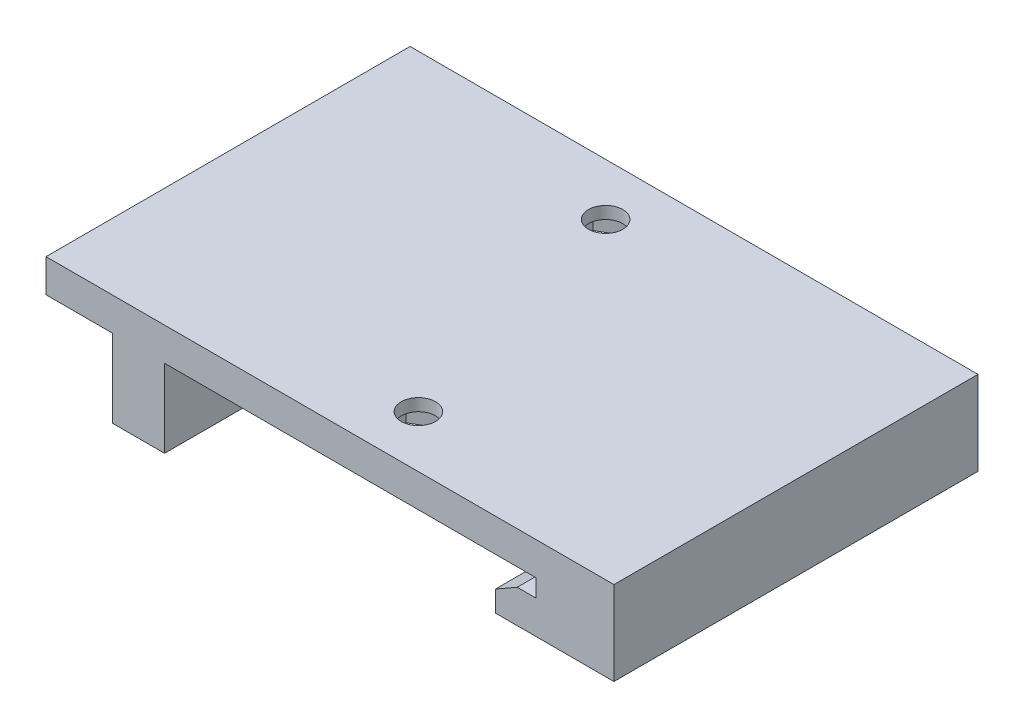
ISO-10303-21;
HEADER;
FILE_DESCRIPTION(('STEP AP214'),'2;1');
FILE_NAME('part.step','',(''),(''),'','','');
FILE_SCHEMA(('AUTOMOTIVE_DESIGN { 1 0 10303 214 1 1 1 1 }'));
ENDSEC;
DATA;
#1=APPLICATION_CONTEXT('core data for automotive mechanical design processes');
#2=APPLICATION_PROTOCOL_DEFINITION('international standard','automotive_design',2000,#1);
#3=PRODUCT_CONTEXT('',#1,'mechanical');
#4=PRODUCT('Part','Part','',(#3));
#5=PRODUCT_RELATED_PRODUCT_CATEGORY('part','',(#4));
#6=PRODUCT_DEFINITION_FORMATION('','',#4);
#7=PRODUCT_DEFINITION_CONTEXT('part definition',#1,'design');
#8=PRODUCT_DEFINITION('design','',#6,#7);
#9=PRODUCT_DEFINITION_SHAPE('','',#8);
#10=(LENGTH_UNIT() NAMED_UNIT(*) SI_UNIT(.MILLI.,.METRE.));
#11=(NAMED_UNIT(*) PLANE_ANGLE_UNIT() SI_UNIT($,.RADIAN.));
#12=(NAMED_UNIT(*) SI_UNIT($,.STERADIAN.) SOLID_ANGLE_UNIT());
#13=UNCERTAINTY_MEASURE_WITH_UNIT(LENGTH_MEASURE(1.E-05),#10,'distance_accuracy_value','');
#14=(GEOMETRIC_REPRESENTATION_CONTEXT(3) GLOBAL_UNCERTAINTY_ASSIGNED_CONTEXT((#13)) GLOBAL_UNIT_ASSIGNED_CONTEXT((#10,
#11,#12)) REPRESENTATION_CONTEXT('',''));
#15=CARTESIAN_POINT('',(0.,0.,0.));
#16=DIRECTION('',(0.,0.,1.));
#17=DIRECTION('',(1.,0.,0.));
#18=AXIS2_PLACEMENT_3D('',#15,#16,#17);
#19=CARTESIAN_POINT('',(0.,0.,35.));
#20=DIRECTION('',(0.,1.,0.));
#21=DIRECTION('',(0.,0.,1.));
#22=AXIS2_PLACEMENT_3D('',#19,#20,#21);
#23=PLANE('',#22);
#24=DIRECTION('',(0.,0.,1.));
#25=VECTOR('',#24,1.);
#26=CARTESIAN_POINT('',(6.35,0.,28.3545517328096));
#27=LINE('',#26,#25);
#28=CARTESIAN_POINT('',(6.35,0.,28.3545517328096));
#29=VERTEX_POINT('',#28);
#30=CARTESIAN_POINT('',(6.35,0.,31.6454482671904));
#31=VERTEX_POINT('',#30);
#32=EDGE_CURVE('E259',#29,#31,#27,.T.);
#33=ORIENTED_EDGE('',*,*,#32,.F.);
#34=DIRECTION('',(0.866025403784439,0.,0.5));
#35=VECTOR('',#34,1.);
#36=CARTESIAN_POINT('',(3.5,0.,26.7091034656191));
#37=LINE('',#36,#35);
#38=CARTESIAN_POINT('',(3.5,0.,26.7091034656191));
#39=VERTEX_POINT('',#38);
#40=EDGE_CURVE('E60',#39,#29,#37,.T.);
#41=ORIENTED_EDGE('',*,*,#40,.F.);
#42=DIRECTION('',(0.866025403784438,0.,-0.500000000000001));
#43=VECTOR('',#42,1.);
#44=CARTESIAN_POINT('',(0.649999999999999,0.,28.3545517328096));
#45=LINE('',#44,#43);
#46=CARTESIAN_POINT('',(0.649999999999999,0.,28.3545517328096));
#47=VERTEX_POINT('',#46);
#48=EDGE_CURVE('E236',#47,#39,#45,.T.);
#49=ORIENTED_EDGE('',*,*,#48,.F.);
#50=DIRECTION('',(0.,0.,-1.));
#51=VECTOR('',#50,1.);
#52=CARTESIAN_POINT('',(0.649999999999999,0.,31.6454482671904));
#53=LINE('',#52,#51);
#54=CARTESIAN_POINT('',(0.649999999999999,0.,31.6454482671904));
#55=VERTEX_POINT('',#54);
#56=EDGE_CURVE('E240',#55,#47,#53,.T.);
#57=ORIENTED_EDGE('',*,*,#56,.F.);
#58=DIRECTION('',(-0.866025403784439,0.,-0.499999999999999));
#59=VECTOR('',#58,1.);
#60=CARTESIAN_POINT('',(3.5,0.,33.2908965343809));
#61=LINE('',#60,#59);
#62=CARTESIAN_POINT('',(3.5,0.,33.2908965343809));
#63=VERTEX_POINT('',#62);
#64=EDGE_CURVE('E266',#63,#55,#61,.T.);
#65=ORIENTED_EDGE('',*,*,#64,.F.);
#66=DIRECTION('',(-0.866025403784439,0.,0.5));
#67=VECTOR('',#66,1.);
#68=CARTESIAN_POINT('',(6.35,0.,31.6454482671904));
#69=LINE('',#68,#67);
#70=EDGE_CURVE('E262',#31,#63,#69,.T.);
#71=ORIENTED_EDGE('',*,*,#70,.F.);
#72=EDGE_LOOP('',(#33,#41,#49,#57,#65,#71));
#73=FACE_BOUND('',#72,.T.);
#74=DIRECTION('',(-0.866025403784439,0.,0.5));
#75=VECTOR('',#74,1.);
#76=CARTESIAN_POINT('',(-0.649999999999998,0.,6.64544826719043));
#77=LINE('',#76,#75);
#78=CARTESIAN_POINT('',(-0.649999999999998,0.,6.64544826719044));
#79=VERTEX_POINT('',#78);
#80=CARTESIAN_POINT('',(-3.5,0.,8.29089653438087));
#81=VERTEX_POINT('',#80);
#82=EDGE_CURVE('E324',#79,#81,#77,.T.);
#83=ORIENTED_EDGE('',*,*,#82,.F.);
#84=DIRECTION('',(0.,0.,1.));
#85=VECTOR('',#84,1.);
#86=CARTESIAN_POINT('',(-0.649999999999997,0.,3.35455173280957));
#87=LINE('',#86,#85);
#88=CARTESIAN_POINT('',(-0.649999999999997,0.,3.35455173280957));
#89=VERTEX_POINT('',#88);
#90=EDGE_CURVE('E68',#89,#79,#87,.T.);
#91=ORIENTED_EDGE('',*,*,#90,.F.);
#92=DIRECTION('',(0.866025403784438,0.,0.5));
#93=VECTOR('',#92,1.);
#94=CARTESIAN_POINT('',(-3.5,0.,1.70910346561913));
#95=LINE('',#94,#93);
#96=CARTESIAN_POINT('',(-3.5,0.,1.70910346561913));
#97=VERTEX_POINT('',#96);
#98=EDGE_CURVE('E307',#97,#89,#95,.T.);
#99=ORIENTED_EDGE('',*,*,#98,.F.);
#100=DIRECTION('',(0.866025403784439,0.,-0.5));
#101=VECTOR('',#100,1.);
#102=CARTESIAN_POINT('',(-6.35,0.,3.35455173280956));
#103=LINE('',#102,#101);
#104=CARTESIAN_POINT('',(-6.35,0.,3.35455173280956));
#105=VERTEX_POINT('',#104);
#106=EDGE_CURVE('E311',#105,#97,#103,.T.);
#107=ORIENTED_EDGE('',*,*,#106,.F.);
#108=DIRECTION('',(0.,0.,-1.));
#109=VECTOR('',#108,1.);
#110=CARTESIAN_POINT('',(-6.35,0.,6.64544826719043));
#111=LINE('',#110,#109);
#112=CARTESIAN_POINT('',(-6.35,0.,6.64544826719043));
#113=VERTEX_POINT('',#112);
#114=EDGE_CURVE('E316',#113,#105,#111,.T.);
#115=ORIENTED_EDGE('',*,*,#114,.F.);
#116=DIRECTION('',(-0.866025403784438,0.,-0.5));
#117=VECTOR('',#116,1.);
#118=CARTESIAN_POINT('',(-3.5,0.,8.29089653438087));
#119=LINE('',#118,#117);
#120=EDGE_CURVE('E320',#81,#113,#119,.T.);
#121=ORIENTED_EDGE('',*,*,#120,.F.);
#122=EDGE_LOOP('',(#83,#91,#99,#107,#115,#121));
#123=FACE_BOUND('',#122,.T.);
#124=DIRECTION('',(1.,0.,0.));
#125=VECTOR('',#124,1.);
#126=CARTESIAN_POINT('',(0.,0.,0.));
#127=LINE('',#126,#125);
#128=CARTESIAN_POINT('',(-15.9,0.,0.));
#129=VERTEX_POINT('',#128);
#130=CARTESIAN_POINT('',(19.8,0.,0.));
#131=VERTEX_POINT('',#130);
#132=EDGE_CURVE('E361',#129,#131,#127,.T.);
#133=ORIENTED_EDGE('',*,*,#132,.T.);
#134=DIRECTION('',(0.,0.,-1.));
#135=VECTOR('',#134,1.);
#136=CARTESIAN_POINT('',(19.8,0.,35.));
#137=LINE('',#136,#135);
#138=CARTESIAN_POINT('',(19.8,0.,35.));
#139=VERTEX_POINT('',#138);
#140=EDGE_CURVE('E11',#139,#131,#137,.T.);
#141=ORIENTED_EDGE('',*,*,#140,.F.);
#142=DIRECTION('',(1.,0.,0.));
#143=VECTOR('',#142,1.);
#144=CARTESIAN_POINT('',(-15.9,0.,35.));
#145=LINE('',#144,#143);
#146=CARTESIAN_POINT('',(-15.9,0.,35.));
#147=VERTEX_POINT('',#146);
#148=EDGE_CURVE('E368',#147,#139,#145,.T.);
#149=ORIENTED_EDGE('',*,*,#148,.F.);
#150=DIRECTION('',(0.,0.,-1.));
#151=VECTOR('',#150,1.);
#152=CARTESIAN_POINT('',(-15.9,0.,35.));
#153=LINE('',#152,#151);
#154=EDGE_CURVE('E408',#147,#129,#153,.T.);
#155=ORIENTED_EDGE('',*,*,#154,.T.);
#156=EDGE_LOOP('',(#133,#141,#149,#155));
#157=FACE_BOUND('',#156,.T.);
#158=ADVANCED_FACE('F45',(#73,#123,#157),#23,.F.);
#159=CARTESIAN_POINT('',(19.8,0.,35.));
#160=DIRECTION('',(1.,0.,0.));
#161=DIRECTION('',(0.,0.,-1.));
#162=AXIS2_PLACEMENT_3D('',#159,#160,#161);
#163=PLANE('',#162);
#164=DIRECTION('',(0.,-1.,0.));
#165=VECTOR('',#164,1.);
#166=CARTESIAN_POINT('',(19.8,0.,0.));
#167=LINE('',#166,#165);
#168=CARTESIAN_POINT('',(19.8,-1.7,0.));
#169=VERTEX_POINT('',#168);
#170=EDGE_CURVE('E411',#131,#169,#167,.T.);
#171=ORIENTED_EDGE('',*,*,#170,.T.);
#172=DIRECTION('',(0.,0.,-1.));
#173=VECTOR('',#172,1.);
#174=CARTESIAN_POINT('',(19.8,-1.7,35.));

------------------------------------

[Exercise brief]
In the listing above, find the line containing "#25=VECTOR('',#24,1.);" and the line containing "#37=LINE('',#36,#35);". Output them and every line between, exactly, and nothing else.

[Output for this task]
#25=VECTOR('',#24,1.);
#26=CARTESIAN_POINT('',(6.35,0.,28.3545517328096));
#27=LINE('',#26,#25);
#28=CARTESIAN_POINT('',(6.35,0.,28.3545517328096));
#29=VERTEX_POINT('',#28);
#30=CARTESIAN_POINT('',(6.35,0.,31.6454482671904));
#31=VERTEX_POINT('',#30);
#32=EDGE_CURVE('E259',#29,#31,#27,.T.);
#33=ORIENTED_EDGE('',*,*,#32,.F.);
#34=DIRECTION('',(0.866025403784439,0.,0.5));
#35=VECTOR('',#34,1.);
#36=CARTESIAN_POINT('',(3.5,0.,26.7091034656191));
#37=LINE('',#36,#35);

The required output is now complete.